● **PROBLEM STATEMENT**: Using the data beneath this instruction, retype only the lines from the one that contains "upGain1 : Gain" down to the one that contains "2nd-order BW Filter/1 ->", both included, exactly as they appear.
:: DATA IN THIS EXERCISE ::
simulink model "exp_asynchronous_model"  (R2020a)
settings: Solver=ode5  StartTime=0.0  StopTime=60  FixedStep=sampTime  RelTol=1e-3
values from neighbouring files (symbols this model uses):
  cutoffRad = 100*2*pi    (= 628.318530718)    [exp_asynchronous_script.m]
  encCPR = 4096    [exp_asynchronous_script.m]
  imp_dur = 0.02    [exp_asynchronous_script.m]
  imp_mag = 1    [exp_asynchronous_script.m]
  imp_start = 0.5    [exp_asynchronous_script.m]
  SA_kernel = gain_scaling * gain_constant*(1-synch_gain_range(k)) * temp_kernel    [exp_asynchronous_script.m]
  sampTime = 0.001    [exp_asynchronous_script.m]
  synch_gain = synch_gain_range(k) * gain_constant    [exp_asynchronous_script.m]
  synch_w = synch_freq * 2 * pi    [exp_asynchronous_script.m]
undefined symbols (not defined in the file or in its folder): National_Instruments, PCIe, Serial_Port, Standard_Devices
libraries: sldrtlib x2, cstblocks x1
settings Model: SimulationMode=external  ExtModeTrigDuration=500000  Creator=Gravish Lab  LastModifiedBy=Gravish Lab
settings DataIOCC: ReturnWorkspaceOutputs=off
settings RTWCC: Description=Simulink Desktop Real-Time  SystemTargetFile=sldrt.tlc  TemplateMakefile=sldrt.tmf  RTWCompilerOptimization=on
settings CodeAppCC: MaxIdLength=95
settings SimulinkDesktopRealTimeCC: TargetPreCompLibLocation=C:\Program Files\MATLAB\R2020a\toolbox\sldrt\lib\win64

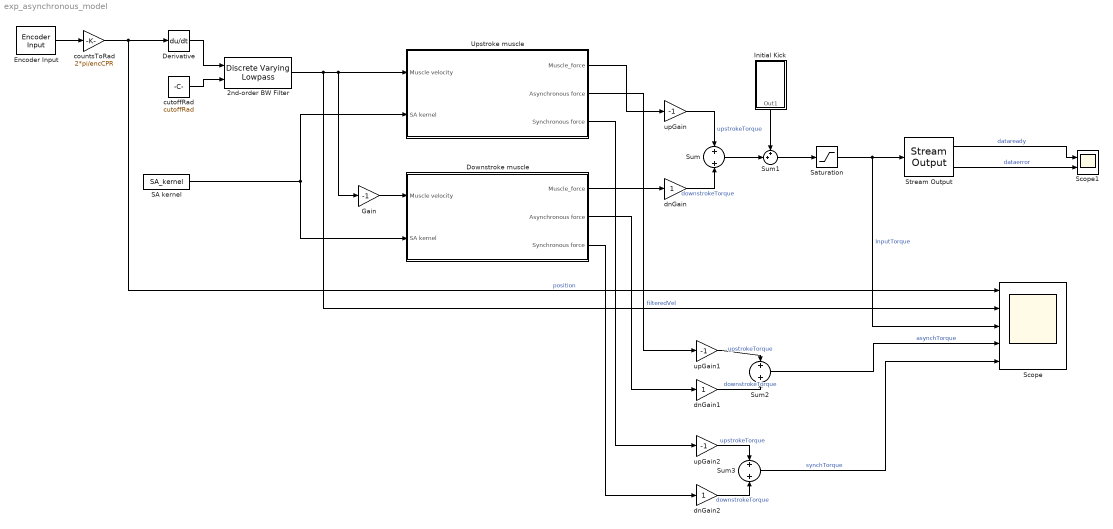
== system exp_asynchronous_model ==
  2nd-order BW Filter : cstblocks/Linear Parameter Varying/Discrete Varying Lowpass  N=2  w0=0  Ts=sampTime
      settings: SourceProductBaseCode=CT
  Derivative : Derivative
  Downstroke muscle : Subsystem
  Encoder Input : sldrtlib/Encoder Input  SampleTime=sampTime  MaxMissedTicks=1000  ShowMissedTicks=off  YieldWhenWaiting=on  DrvName=National_Instruments/PCIe-6323  DrvAddress=4294967295  DrvOptions=[0 0 0 3 0 2 2]  Channels=4  QuadMode=3  IndexPulse=1  InputFilter=Inf  DataType=1
      settings: AttributesFormatString=National Instruments\nPCIe-6323 [auto]
  Gain : Gain  Gain=-1
  Initial Kick : Subsystem
  SA kernel : Constant  Value=SA_kernel
  Saturation : Saturate  UpperLimit=4  LowerLimit=-4
  Scope : Scope  NumInputPorts=5
  Scope1 : Scope  NumInputPorts=2
  Stream Output : sldrtlib/Stream Output  SampleTime=0.001  MaxMissedTicks=10  ShowMissedTicks=off  YieldWhenWaiting=on  DrvName=Standard_Devices/Serial_Port  DrvAddress=5  DrvOptions=[115200 8 0 0 0 0 0 0]  PortSizes=1  FormatString='w axis0.controller.input_torque %1.3f\n'  ShowReady=on  ShowError=on  InitialValue='w axis0.controller.input_torque 0\n'  FinalValue='w axis0.controller.input_torque 0\n'
      settings: AttributesFormatString=Serial Port [5]  SourceProductBaseCode=WT
  Sum : Sum  Inputs=+|+
  Sum1 : Sum  Inputs=++|
  Sum2 : Sum  Inputs=+|+
  Sum3 : Sum  Inputs=+|+
  Upstroke muscle : Subsystem
  countsToRad : Gain  Gain=2*pi/encCPR
  cutoffRad : Constant  Value=cutoffRad
  dnGain : Gain
  dnGain1 : Gain
  dnGain2 : Gain
  upGain : Gain  Gain=-1
  upGain1 : Gain  Gain=-1
  upGain2 : Gain  Gain=-1
  wires:
  Encoder Input/1 -> countsToRad/1
  countsToRad/1 -> Scope/1, Derivative/1  "position"
  Gain/1 -> Downstroke muscle/1(Muscle velocity)
  SA kernel/1 -> Downstroke muscle/2(SA kernel), Upstroke muscle/2(SA kernel)
  Upstroke muscle/1(Muscle_force) -> upGain/1
  upGain/1 -> Sum/1  "upstrokeTorque"
  dnGain/1 -> Sum/2  "downstrokeTorque"
  Sum/1 -> Sum1/2
  Initial Kick/1(Out1) -> Sum1/1
  Derivative/1 -> 2nd-order BW Filter/1
  cutoffRad/1 -> 2nd-order BW Filter/2
  2nd-order BW Filter/1 -> Scope/2, Upstroke muscle/1(Muscle velocity), Gain/1  "filteredVel"
  Downstroke muscle/1(Muscle_force) -> dnGain/1
  Saturation/1 -> Stream Output/1, Scope/3  "InputTorque"
  Sum1/1 -> Saturation/1
  Upstroke muscle/2(Asynchronous force) -> upGain1/1
  Downstroke muscle/2(Asynchronous force) -> dnGain1/1
  Upstroke muscle/3(Synchronous force) -> upGain2/1
  Downstroke muscle/3(Synchronous force) -> dnGain2/1
  upGain1/1 -> Sum2/1  "upstrokeTorque"
  dnGain1/1 -> Sum2/2  "downstrokeTorque"
  upGain2/1 -> Sum3/1  "upstrokeTorque"
  dnGain2/1 -> Sum3/2  "downstrokeTorque"
  Sum2/1 -> Scope/4  "asynchTorque"
  Sum3/1 -> Scope/5  "synchTorque"
  Stream Output/1 -> Scope1/1  "dataready"
  Stream Output/2 -> Scope1/2  "dataerror"

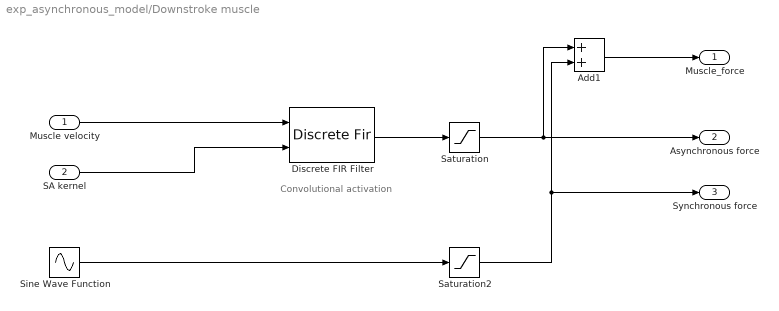
== system exp_asynchronous_model/Downstroke muscle ==
  note: Convolutional activation
  Muscle velocity : Inport
  SA kernel : Inport  Port=2
  Add1 : Sum
  Discrete FIR Filter : DiscreteFir  CoefSource=Input port  Coefficients=[0, 0, 2]  InputProcessing=Columns as channels (frame based)
      settings: InputPortMap=u0,u1
  Saturation : Saturate  UpperLimit=Inf  LowerLimit=0
  Saturation2 : Saturate  UpperLimit=Inf  LowerLimit=0
  Sine Wave Function : Sin  Amplitude=synch_gain  Frequency=synch_w  Phase=pi  SampleTime=0
  Muscle_force : Outport
  Asynchronous force : Outport  Port=2
  Synchronous force : Outport  Port=3
  wires:
  Saturation/1 -> Asynchronous force/1, Add1/1
  SA kernel/1 -> Discrete FIR Filter/2
  Add1/1 -> Muscle_force/1
  Discrete FIR Filter/1 -> Saturation/1
  Sine Wave Function/1 -> Saturation2/1
  Saturation2/1 -> Synchronous force/1, Add1/2
  Muscle velocity/1 -> Discrete FIR Filter/1

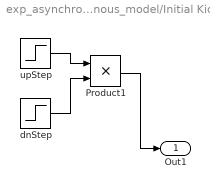
== system exp_asynchronous_model/Initial Kick ==
  Product1 : Product
  dnStep : Step  Time=imp_start+imp_dur  Before=1  After=0  SampleTime=0
  upStep : Step  Time=imp_start  After=imp_mag  SampleTime=0
  Out1 : Outport
  wires:
  Product1/1 -> Out1/1
  dnStep/1 -> Product1/2
  upStep/1 -> Product1/1

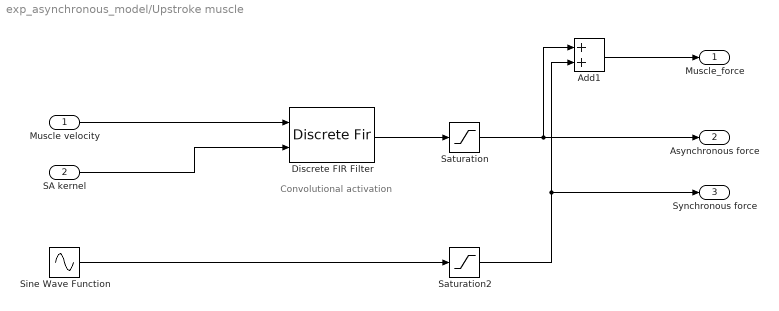
== system exp_asynchronous_model/Upstroke muscle ==
  note: Convolutional activation
  Muscle velocity : Inport
  SA kernel : Inport  Port=2
  Add1 : Sum
  Discrete FIR Filter : DiscreteFir  CoefSource=Input port  Coefficients=[0, 0, 2]  InputProcessing=Columns as channels (frame based)
      settings: InputPortMap=u0,u1
  Saturation : Saturate  UpperLimit=Inf  LowerLimit=0
  Saturation2 : Saturate  UpperLimit=Inf  LowerLimit=0
  Sine Wave Function : Sin  Amplitude=synch_gain  Frequency=synch_w  SampleTime=0
  Muscle_force : Outport
  Asynchronous force : Outport  Port=2
  Synchronous force : Outport  Port=3
  wires:
  Saturation/1 -> Asynchronous force/1, Add1/1
  SA kernel/1 -> Discrete FIR Filter/2
  Add1/1 -> Muscle_force/1
  Discrete FIR Filter/1 -> Saturation/1
  Sine Wave Function/1 -> Saturation2/1
  Saturation2/1 -> Synchronous force/1, Add1/2
  Muscle velocity/1 -> Discrete FIR Filter/1
:::
● **YOUR RESPONSE**:
  upGain1 : Gain  Gain=-1
  upGain2 : Gain  Gain=-1
  wires:
  Encoder Input/1 -> countsToRad/1
  countsToRad/1 -> Scope/1, Derivative/1  "position"
  Gain/1 -> Downstroke muscle/1(Muscle velocity)
  SA kernel/1 -> Downstroke muscle/2(SA kernel), Upstroke muscle/2(SA kernel)
  Upstroke muscle/1(Muscle_force) -> upGain/1
  upGain/1 -> Sum/1  "upstrokeTorque"
  dnGain/1 -> Sum/2  "downstrokeTorque"
  Sum/1 -> Sum1/2
  Initial Kick/1(Out1) -> Sum1/1
  Derivative/1 -> 2nd-order BW Filter/1
  cutoffRad/1 -> 2nd-order BW Filter/2
  2nd-order BW Filter/1 -> Scope/2, Upstroke muscle/1(Muscle velocity), Gain/1  "filteredVel"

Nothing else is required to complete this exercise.